- Description of the task -
For the entries that follow, tally the lines holding the string "none". Give the total and nothing else.

- Entries taken from a collection -
......
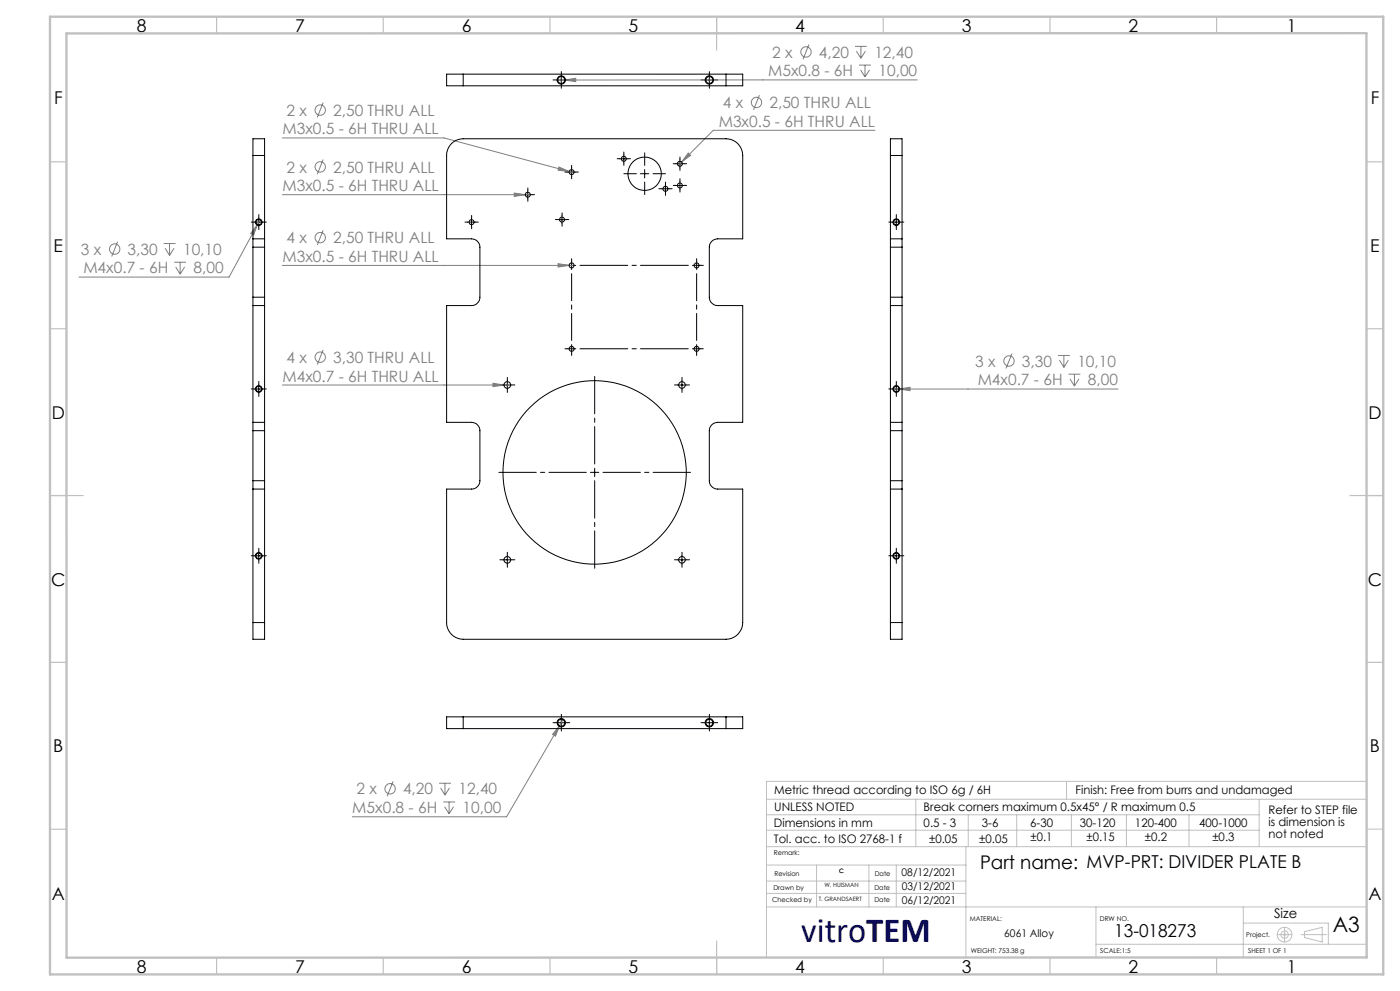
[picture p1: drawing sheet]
<svg xmlns="http://www.w3.org/2000/svg" width="420mm" height="297mm" viewBox="0 0 420 297" stroke-linecap="round" stroke-linejoin="round" font-family="sans-serif">
<g fill="none" stroke="#808080" stroke-width=".3">
<path d="M242.7 13.3l-1.8 4.5M256.5 13.9h3.5M256.9 15.3l1.4 2.2M257.7 19.5h3.6M258.3 13.9v3.6M259.5 19.5v3.6M259.6 15.3l-1.3 2.2M96.9 30.8l-1.7 4.4M169.4 24l3.3-.5v1zM227.8 28.5l-1.7 4.4M258.2 21l1.3 2.1M260.8 21l-1.3 2.1"/>
<path d="M262.5 39h-48.5l-10.6 10.6M275.2 24h-107.9M84.7 41.3h48.5l37.5 10.1M84.7 58.3h74.4M96.9 47.8l-1.7 4.4M154.3 57.9l3.3 .4-3.3 .6zM167.7 50.1l3 1.3-3.3-.4zM170.7 51.4l1.5 .4M206.5 45.9l.7 .7-2.7 1.9zM35.3 72.4l-1.8 4.5M49.1 73h3.6M49.5 74.4l1.4 2.1"/>
<path d="M50.9 73v3.5M52.2 74.4l-1.3 2.1M52.3 78.6h3.5M54 78.6v3.6M77.2 67.3l-1.1 3.1-.9-.4zM77.2 67.3l-8.5 15.7h-45M78 65.9l-.8 1.4M84.7 79.5h87.5M96.9 69l-1.7 4.4M167.4 79l3.3 .5-3.3 .5zM52.7 80l1.3 2.2M55.4 80l-1.4 2.2"/>
<path d="M84.7 115.4h68.5M96.9 104.8l-1.7 4.5M147.9 114.9l3.3 .5-3.3 .5zM268 116.6h67.4M269.7 116.6l3.3-.5v1zM303.6 106l-1.8 4.4M317.4 106.5h3.6M317.9 107.9l1.3 2.2M319.2 106.5v3.6M320.5 107.9l-1.3 2.2M320.6 112.1h3.5M321 113.6l1.3 2.1"/>
<path d="M322.3 112.1v3.6M323.7 113.6l-1.4 2.1M167.9 217.5l-1.2 3.1-.9-.5zM167.9 217.5l-15.9 27.3h-46.3M168.9 215.7l-1 1.8M117.9 234.2l-1.8 4.4M131.7 234.7h3.6M132.2 236.1l1.3 2.2M133.5 234.7v3.6M134.8 236.1l-1.3 2.2M133 240.3h3.5M133.4 241.8l1.3 2.1"/>
<path d="M134.7 240.3v3.6M136.1 241.8l-1.4 2.1"/>
<circle cx="241.8" cy="15.6" r="1.56"/>
<circle cx="96.1" cy="33" r="1.56"/>
<circle cx="226.9" cy="30.7" r="1.55"/>
<circle cx="96.1" cy="50" r="1.55"/>
<circle cx="34.4" cy="74.7" r="1.56"/>
<circle cx="96.1" cy="71.2" r="1.55"/>
<circle cx="96.1" cy="107.1" r="1.55"/>
<circle cx="302.7" cy="108.2" r="1.55"/>
<circle cx="117.1" cy="236.4" r="1.55"/>
</g>
<g fill="none" stroke="#c0c0c0" stroke-width=".3">
<path d="M229.9 239.5h180.1M274.7 239.5v14.2M320 234.2v5.3M377.8 239.5v14.2M410 234.2h-180.1v52.7M229.9 253.7h180.1M229.9 248.8h147.9M230 259.3h59.8M230 244.2h147.8M245 259.3v12.5M260.7 259.3v12.5M268.9 259.3v12.3"/>
<path d="M289.8 253.7v33.3M290.5 244.2v9.5M305 244.2v9.5M321.4 244.2v9.5M337.9 244.2v9.5M356.7 244.2v9.5M410 248.5h5M229.9 264.1h59.9M230 267.8h59.8M230 271.8h180M328.8 271.8v15.2M373 271.8v15.2"/>
<path d="M373 276.6h25.5v6.4M385.4 277.9v4.4M391.3 279.2l5.4-1.3v4.4l-5.4-1.3zM328.8 283h81.2M383.2 280.1h4.4M390.3 280.1h7.7"/>
<circle cx="385.4" cy="280.1" r=".26"/>
<circle cx="385.4" cy="280.1" r="1.11"/>
<circle cx="385.4" cy="280.1" r="2.21"/>
</g>
<g fill="none" stroke="#000" stroke-width=".3" stroke-dasharray="15.2 1.3 1.3 1.3">
<path d="M167.2 24h-1.3M168.4 22.7v-1.2M168.4 25.2v1.3M169.7 24h1.2M211.6 24h-1.3M212.8 22.7v-1.2M212.8 25.2v1.3M214.1 24h1.2M157.1 58.3h-.7M158.4 57.1v-.8M158.4 59.6v.7M159.6 58.3h.8"/>
<path d="M170.2 51.6h-.7M171.5 50.3v-.7M171.5 52.8v.8M172.7 51.6h.8M185.9 47.6h-.7M187.2 46.3v-.7M187.2 48.8v.8M188.4 47.6h.8M190.9 52.1h-3.7M193.4 49.6v-3.8M193.4 54.6v3.7M195.9 52.1h3.8"/>
<path d="M198.4 56.6h-.7M199.7 55.3v-.7M199.7 57.8v.8M200.9 56.6h.8M202.7 49.1h-.7M202.7 55.6h-.7M204 47.8v-.7M204 50.3v.8M204 54.3v-.7M204 56.8v.8M205.2 49.1h.8M205.2 55.6h.8"/>
<path d="M76.4 66.6h-1M77.6 65.3v-1M77.6 67.8v1M78.9 66.6h1M140.2 66.6h-.7M141.5 65.3v-.7M141.5 67.8v.8M142.7 66.6h.8M167.4 65.8h-.8M168.6 64.5v-.7M168.6 67v.8M169.9 65.8h.7"/>
<path d="M170.2 79.5h-.7M171.5 78.3v-.8M209 79.5v-1.2M209 79.5h-1.3M209 79.5v1.3M209 79.5h1.2M209 78.3v-.8M210.2 79.5h.8M267.6 66.6h-1M268.9 65.3v-1M268.9 67.8v1M270.1 66.6h1"/>
<path d="M76.4 116.6h-1M77.6 115.3v-1M77.6 117.8v1M78.9 116.6h1M151 115.4h-1M152.2 114.1v-1M152.2 116.6v1M153.5 115.4h1M170.2 104.5h-.7M171.5 104.5v-1.2M171.5 104.5h-1.3M171.5 104.5v1.3"/>
<path d="M171.5 104.5h1.2M171.5 105.8v.7M203.4 115.4h-1M204.6 114.1v-1M204.6 116.6v1M205.9 115.4h1M209 104.5v-1.2M209 104.5h-1.3M209 104.5v1.3M209 104.5h1.2M209 105.8v.7M210.2 104.5h.8"/>
<path d="M267.6 116.6h-1M268.9 115.3v-1M268.9 117.8v1M270.1 116.6h1M76.4 166.6h-1M77.6 165.3v-1M77.6 167.8v1M78.9 166.6h1M151 167.8h-1M152.2 166.5v-1M152.2 169v1M153.5 167.8h1"/>
<path d="M203.4 167.8h-1M204.6 166.5v-1M204.6 169v1M205.9 167.8h1M267.6 166.6h-1M268.9 165.3v-1M268.9 167.8v1M270.1 166.6h1M167.2 216.6h-1.3M168.4 215.3v-1.2M168.4 217.8v1.3M169.7 216.6h1.2"/>
<path d="M211.6 216.6h-1.3M212.8 215.3v-1.2M212.8 217.8v1.3M214.1 216.6h1.2"/>
</g>
<path d="M174 79.5h32.5M174 104.5h32.5" fill="none" stroke="#000" stroke-width=".3" stroke-dasharray="15.2 1.3 1.3 1.3" stroke-dashoffset=".9"/>
<path d="M171.5 102v-20M209 102v-20" fill="none" stroke="#000" stroke-width=".3" stroke-dasharray="15.2 1.3 1.3 1.3" stroke-dashoffset="7.1"/>
<path d="M178.4 139.1v-26.3M175.9 141.6h-26.2M178.4 144.1v26.2M180.9 141.6h26.3" fill="none" stroke="#000" stroke-width=".3" stroke-dasharray="15.2 1.3 1.3 1.3" stroke-dashoffset="4"/>
<g fill="none" stroke="#000" stroke-width=".3">
<path d="M167.1 24h2.6M168.4 22.7v2.5M211.6 24h2.5M212.8 22.7v2.5M157.1 58.3h2.5M158.3 57.1v2.5M170.2 51.6h2.5M171.5 50.3v2.5M185.9 47.6h2.5M187.1 46.3v2.5M192.1 52.1h2.5M193.4 50.8v2.5"/>
<path d="M198.4 56.6h2.5M199.6 55.3v2.5M202.7 49.1h2.5M202.7 55.6h2.5M204 47.8v2.5M204 54.3v2.5M76.4 66.6h2.5M77.6 65.3v2.5M140.2 66.6h2.5M141.5 65.3v2.5M167.4 65.8h2.5M168.6 64.6v2.5"/>
<path d="M170.2 79.5h2.5M171.5 78.3v2.5M267.6 66.6h2.5M268.9 65.3v2.5M76.4 116.6h2.5M77.6 115.3v2.5M150.9 115.4h2.5M152.2 114.1v2.5M203.3 115.4h2.5M204.6 114.1v2.5M267.6 116.6h2.5M268.9 115.3v2.5"/>
<path d="M177.1 141.6h2.5M178.4 140.3v2.5M76.4 166.6h2.5M77.6 165.3v2.5M150.9 167.8h2.5M152.2 166.5v2.5M203.3 167.8h2.5M204.6 166.5v2.5M267.6 166.6h2.5M268.9 165.3v2.5M167.1 216.6h2.6M168.4 215.4v2.4"/>
<path d="M211.6 216.6h2.5M212.8 215.4v2.4"/>
</g>
<g fill="none" stroke="#c0c0c0" stroke-width=".35">
<path d="M65 5v5M115 5v5M165 5v5M215 5v10M265 5v5M315 5v5M365 5v5M15 48.5h5M410 48.5h5M15 98.5h5M410 98.5h5M15 148.5h10"/>
<path d="M405 148.5h10M15 198.5h5M410 198.5h5M15 248.5h5M65 287v5M115 287v5M165 287v5M215 282v10M265 287v5M315 287v5M365 287v5"/>
</g>
<path d="M15 5h400v287h-400zM19.9 10l390-.1 .1 277-390 .1z" fill="none" stroke="#c0c0c0" stroke-width=".7"/>
<path d="M167.7 50.1l-.3 .9 3.3 .4zM154.3 57.9v1l3.3-.6zM167.4 79v1l3.3-.5zM147.9 114.9v1l3.3-.5zM206.5 45.9l-2 2.6 2.7-1.9zM269.7 116.6l3.3 .5v-1zM77.2 67.3l-2 2.7 .9 .4zM169.4 24l3.3 .5v-1zM167.9 217.5l-2.1 2.6 .9 .5z" fill="#808080"/>
<g fill="none" stroke="#000" stroke-width=".3">
<path d="M139 22.2h-5v3.5h5M139 22.2v3.5M139 22.2h78.8M139 25.7h78.8M217.8 22.2h5v3.5h-5M217.8 22.2v3.5M75.9 46.6v-5h3.5v5M75.9 46.6h3.5M75.9 46.6v25M79.4 46.6v25M135.4 43a5 5 0 0 1 3.6-1.4h78.8a5 5 0 0 1 5 5v25h-7.5a2.53 2.53 0 0 0-2.5 2.5v15a2.53 2.53 0 0 0 2.5 2.5h7.5v35h-7.5a2.53 2.53 0 0 0-2.5 2.5v15a2.53 2.53 0 0 0 2.5 2.5h7.5v40a5.1 5.1 0 0 1-5 5h-78.8a5 5 0 0 1-5-5v-40h7.5a2.53 2.53 0 0 0 2.5-2.5v-15a2.53 2.53 0 0 0-2.5-2.5h-7.5v-35h7.5a2.53 2.53 0 0 0 2.5-2.5v-15a2.53 2.53 0 0 0-2.5-2.5h-7.5v-25a5.2 5.2 0 0 1 1.4-3.6zM267.1 46.6v-5h3.5v5"/>
<path d="M267.1 46.6h3.5M267.1 46.6v25M270.6 46.6v25M75.9 71.6v2.5M75.9 71.6h3.5M75.9 74.1h3.5M75.9 74.1v15M79.4 71.6v2.5M79.4 74.1v15M267.1 71.6v2.5M267.1 71.6h3.5M267.1 74.1v15"/>
<path d="M267.1 74.1h3.5M270.6 71.6v2.5M270.6 74.1v15M75.9 89.1v2.5M75.9 91.6h3.5M75.9 89.1h3.5M75.9 91.6v35M79.4 89.1v2.5M79.4 91.6v35M267.1 89.1v2.5M267.1 91.6h3.5M267.1 91.6v35"/>
<path d="M267.1 89.1h3.5M270.6 89.1v2.5M270.6 91.6v35M75.9 126.6v2.5M75.9 126.6h3.5M75.9 129.1h3.5M75.9 129.1v15M79.4 126.6v2.5M79.4 129.1v15M267.1 126.6v2.5M267.1 126.6h3.5M267.1 129.1v15"/>
<path d="M267.1 129.1h3.5M270.6 126.6v2.5M270.6 129.1v15M75.9 144.1v2.5M75.9 146.6h3.5M75.9 144.1h3.5M75.9 146.6v40M79.4 144.1v2.5M79.4 146.6v40M267.1 144.1v2.5M267.1 146.6h3.5M267.1 146.6v40"/>
<path d="M267.1 144.1h3.5M270.6 144.1v2.5M270.6 146.6v40M75.9 186.6v5h3.5v-5M75.9 186.6h3.5M267.1 186.6v5h3.5v-5M267.1 186.6h3.5M139 214.8h-5v3.6h5M139 214.8v3.6M139 218.4h78.8M139 214.8h78.8M217.8 214.8h5v3.6h-5"/>
<path d="M217.8 214.8v3.6"/>
<circle cx="168.4" cy="24" r="1.05"/>
<circle cx="168.4" cy="24" r="1.24"/>
<circle cx="212.8" cy="24" r="1.05"/>
<circle cx="212.8" cy="24" r="1.24"/>
<circle cx="158.3" cy="58.4" r=".74"/>
<circle cx="171.5" cy="51.6" r=".74"/>
<circle cx="187.1" cy="47.6" r=".75"/>
<circle cx="193.4" cy="52.1" r="5"/>
<circle cx="199.6" cy="56.6" r=".75"/>
<circle cx="204" cy="55.6" r=".75"/>
<circle cx="204" cy="49.1" r=".74"/>
<circle cx="77.6" cy="66.6" r="1"/>
<circle cx="77.6" cy="66.6" r=".82"/>
<circle cx="141.5" cy="66.6" r=".76"/>
<circle cx="168.6" cy="65.8" r=".75"/>
<circle cx="171.5" cy="79.5" r=".75"/>
<circle cx="209" cy="79.5" r=".75"/>
<circle cx="268.9" cy="66.6" r=".82"/>
<circle cx="268.9" cy="66.6" r=".99"/>
<circle cx="77.6" cy="116.6" r="1"/>
<circle cx="77.6" cy="116.6" r=".82"/>
<circle cx="152.2" cy="115.4" r=".99"/>
<circle cx="171.5" cy="104.6" r=".75"/>
<circle cx="204.6" cy="115.4" r=".99"/>
<circle cx="209" cy="104.5" r=".75"/>
<circle cx="268.9" cy="116.6" r=".82"/>
<circle cx="268.9" cy="116.6" r=".99"/>
<circle cx="178.4" cy="141.6" r="27.5"/>
<circle cx="77.6" cy="166.6" r="1"/>
<circle cx="77.6" cy="166.6" r=".82"/>
<circle cx="152.2" cy="167.8" r=".99"/>
<circle cx="204.6" cy="167.8" r=".99"/>
<circle cx="268.9" cy="166.6" r=".82"/>
<circle cx="268.9" cy="166.6" r=".99"/>
<circle cx="168.4" cy="216.6" r="1.06"/>
<circle cx="168.4" cy="216.6" r="1.26"/>
<circle cx="212.8" cy="216.6" r="1.06"/>
<circle cx="212.8" cy="216.6" r="1.26"/>
</g>
<text font-size="10.6" fill="#000080" x="240.4" y="282.2">vitroTEM</text>
<text font-size="6.3" x="399.8" y="279.4">A3</text>
<text font-size="5.6" x="294" y="260.3">Part name: MVP-PRT: DIVIDER PLATE B</text>
<g font-size="5.3">
<text x="41" y="9.5">8</text>
<text x="88.5" y="9.5">7</text>
<text x="138.5" y="9.5">6</text>
<text x="188.5" y="9.5">5</text>
<text x="238.5" y="9.5">4</text>
<text x="288.5" y="9.5">3</text>
<text x="338.5" y="9.5">2</text>
<text x="386" y="9.5">1</text>
<text x="16.2" y="31.2">F</text>
<text x="411.2" y="31.2">F</text>
<text x="16.1" y="75.5">E</text>
<text x="411.1" y="75.5">E</text>
<text x="15.5" y="125.5">D</text>
<text x="410.5" y="125.5">D</text>
<text x="15.4" y="175.5">C</text>
<text x="410.4" y="175.5">C</text>
<text x="16" y="225.5">B</text>
<text x="411" y="225.5">B</text>
<text x="15.5" y="269.7">A</text>
<text x="410.5" y="269.7">A</text>
<text x="334.3" y="280.7">13-018273</text>
<text x="41" y="291.5">8</text>
<text x="88.5" y="291.5">7</text>
<text x="138.5" y="291.5">6</text>
<text x="188.5" y="291.5">5</text>
<text x="238.5" y="291.5">4</text>
<text x="288.5" y="291.5">3</text>
<text x="338.5" y="291.5">2</text>
<text x="386" y="291.5">1</text>
</g>
<g font-size="4.7" fill="#808080">
<text x="231.7" y="17.3">2 x</text>
<text x="245.7" y="17.3">4,20</text>
<text x="262.3" y="17.3">12,40</text>
<text x="230.5" y="22.9">M5x0.8 - 6H</text>
<text x="263.5" y="22.9">10,00</text>
<text x="86" y="34.7">2 x</text>
<text x="99.9" y="34.7">2,50 THRU ALL</text>
<text x="216.8" y="32.4">4 x</text>
<text x="230.8" y="32.4">2,50 THRU ALL</text>
<text x="84.7" y="40.3">M3x0.5 - 6H THRU ALL</text>
<text x="215.6" y="38">M3x0.5 - 6H THRU ALL</text>
<text x="86" y="51.7">2 x</text>
<text x="99.9" y="51.7">2,50 THRU ALL</text>
<text x="84.7" y="57.3">M3x0.5 - 6H THRU ALL</text>
<text x="24.3" y="76.3">3 x</text>
<text x="38.3" y="76.3">3,30</text>
<text x="54.9" y="76.3">10,10</text>
<text x="86" y="72.9">4 x</text>
<text x="99.9" y="72.9">2,50 THRU ALL</text>
<text x="25" y="82">M4x0.7 - 6H</text>
<text x="58.1" y="82">8,00</text>
<text x="84.7" y="78.5">M3x0.5 - 6H THRU ALL</text>
<text x="86" y="108.7">4 x</text>
<text x="99.9" y="108.7">3,30 THRU ALL</text>
<text x="292.6" y="109.9">3 x</text>
<text x="306.6" y="109.9">3,30</text>
<text x="323.2" y="109.9">10,10</text>
<text x="84.7" y="114.4">M4x0.7 - 6H THRU ALL</text>
<text x="293.3" y="115.5">M4x0.7 - 6H</text>
<text x="326.4" y="115.5">8,00</text>
<text x="106.9" y="238.1">2 x</text>
<text x="120.9" y="238.1">4,20</text>
<text x="137.5" y="238.1">12,40</text>
<text x="105.7" y="243.7">M5x0.8 - 6H</text>
<text x="138.8" y="243.7">10,00</text>
</g>
<text font-size="4" x="382.2" y="275.3">Size</text>
<g font-size="3.5">
<text x="232.3" y="238">Metric thread according to ISO 6g / 6H</text>
<text x="322.7" y="238">Finish: Free from burrs and undamaged</text>
<text x="232.3" y="243.2">UNLESS NOTED</text>
<text x="277.1" y="243.2">Break corners maximum 0.5x45° / R maximum 0.5</text>
<text x="380.5" y="244.1">Refer to STEP file</text>
<text x="232.2" y="247.9">Dimensions in mm</text>
<text x="277.1" y="247.9">0.5 - 3</text>
<text x="294.6" y="247.9">3-6</text>
<text x="309.1" y="247.9">6-30</text>
<text x="324" y="247.9">30-120</text>
<text x="340.5" y="247.9">120-400</text>
<text x="359.8" y="247.9">400-1000</text>
<text x="380.5" y="247.6">is dimension is</text>
<text x="380.5" y="251.1">not noted</text>
<text x="232.2" y="252.8">Tol. acc. to ISO 2768-1 f</text>
<text x="278.7" y="252.8">±0.05</text>
<text x="293.8" y="252.8">±0.05</text>
<text x="309.2" y="252.2">±0.1</text>
<text x="326" y="252.2">±0.15</text>
<text x="343.5" y="252.2">±0.2</text>
<text x="363.7" y="252.2">±0.3</text>
</g>
<g font-size="3.2">
<text x="270.5" y="262.7">08/12/2021</text>
<text x="270.5" y="266.8">03/12/2021</text>
<text x="270.5" y="270.9">06/12/2021</text>
<text x="301.3" y="280.8">6061 Alloy</text>
</g>
<g font-size="2">
<text x="232.2" y="256.1">Remark:</text>
<text x="232.3" y="262.6">Revision</text>
<text x="262.4" y="262.6">Date</text>
<text x="232" y="266.8">Drawn by</text>
<text x="262.3" y="266.8">Date</text>
<text x="231.7" y="270.4">Checked by</text>
<text x="262.3" y="270.4">Date</text>
<text x="290.9" y="276.1">MATERIAL:</text>
<text x="330" y="276.1">DRW NO.</text>
<text x="373.9" y="280.8">Project.</text>
<text x="291.3" y="285.6">WEIGHT: 753.38 g</text>
<text x="330.1" y="285.6">SCALE:1:5</text>
<text x="374.5" y="285.6">SHEET 1 OF 1</text>
</g>
<g font-size="1.8">
<text x="251.8" y="261.6">C</text>
<text x="245.6" y="270">T. GRANDSAERT</text>
<text x="247.3" y="265.7">W. HUISMAN</text>
</g>
</svg>
......
- Reply to the task -
10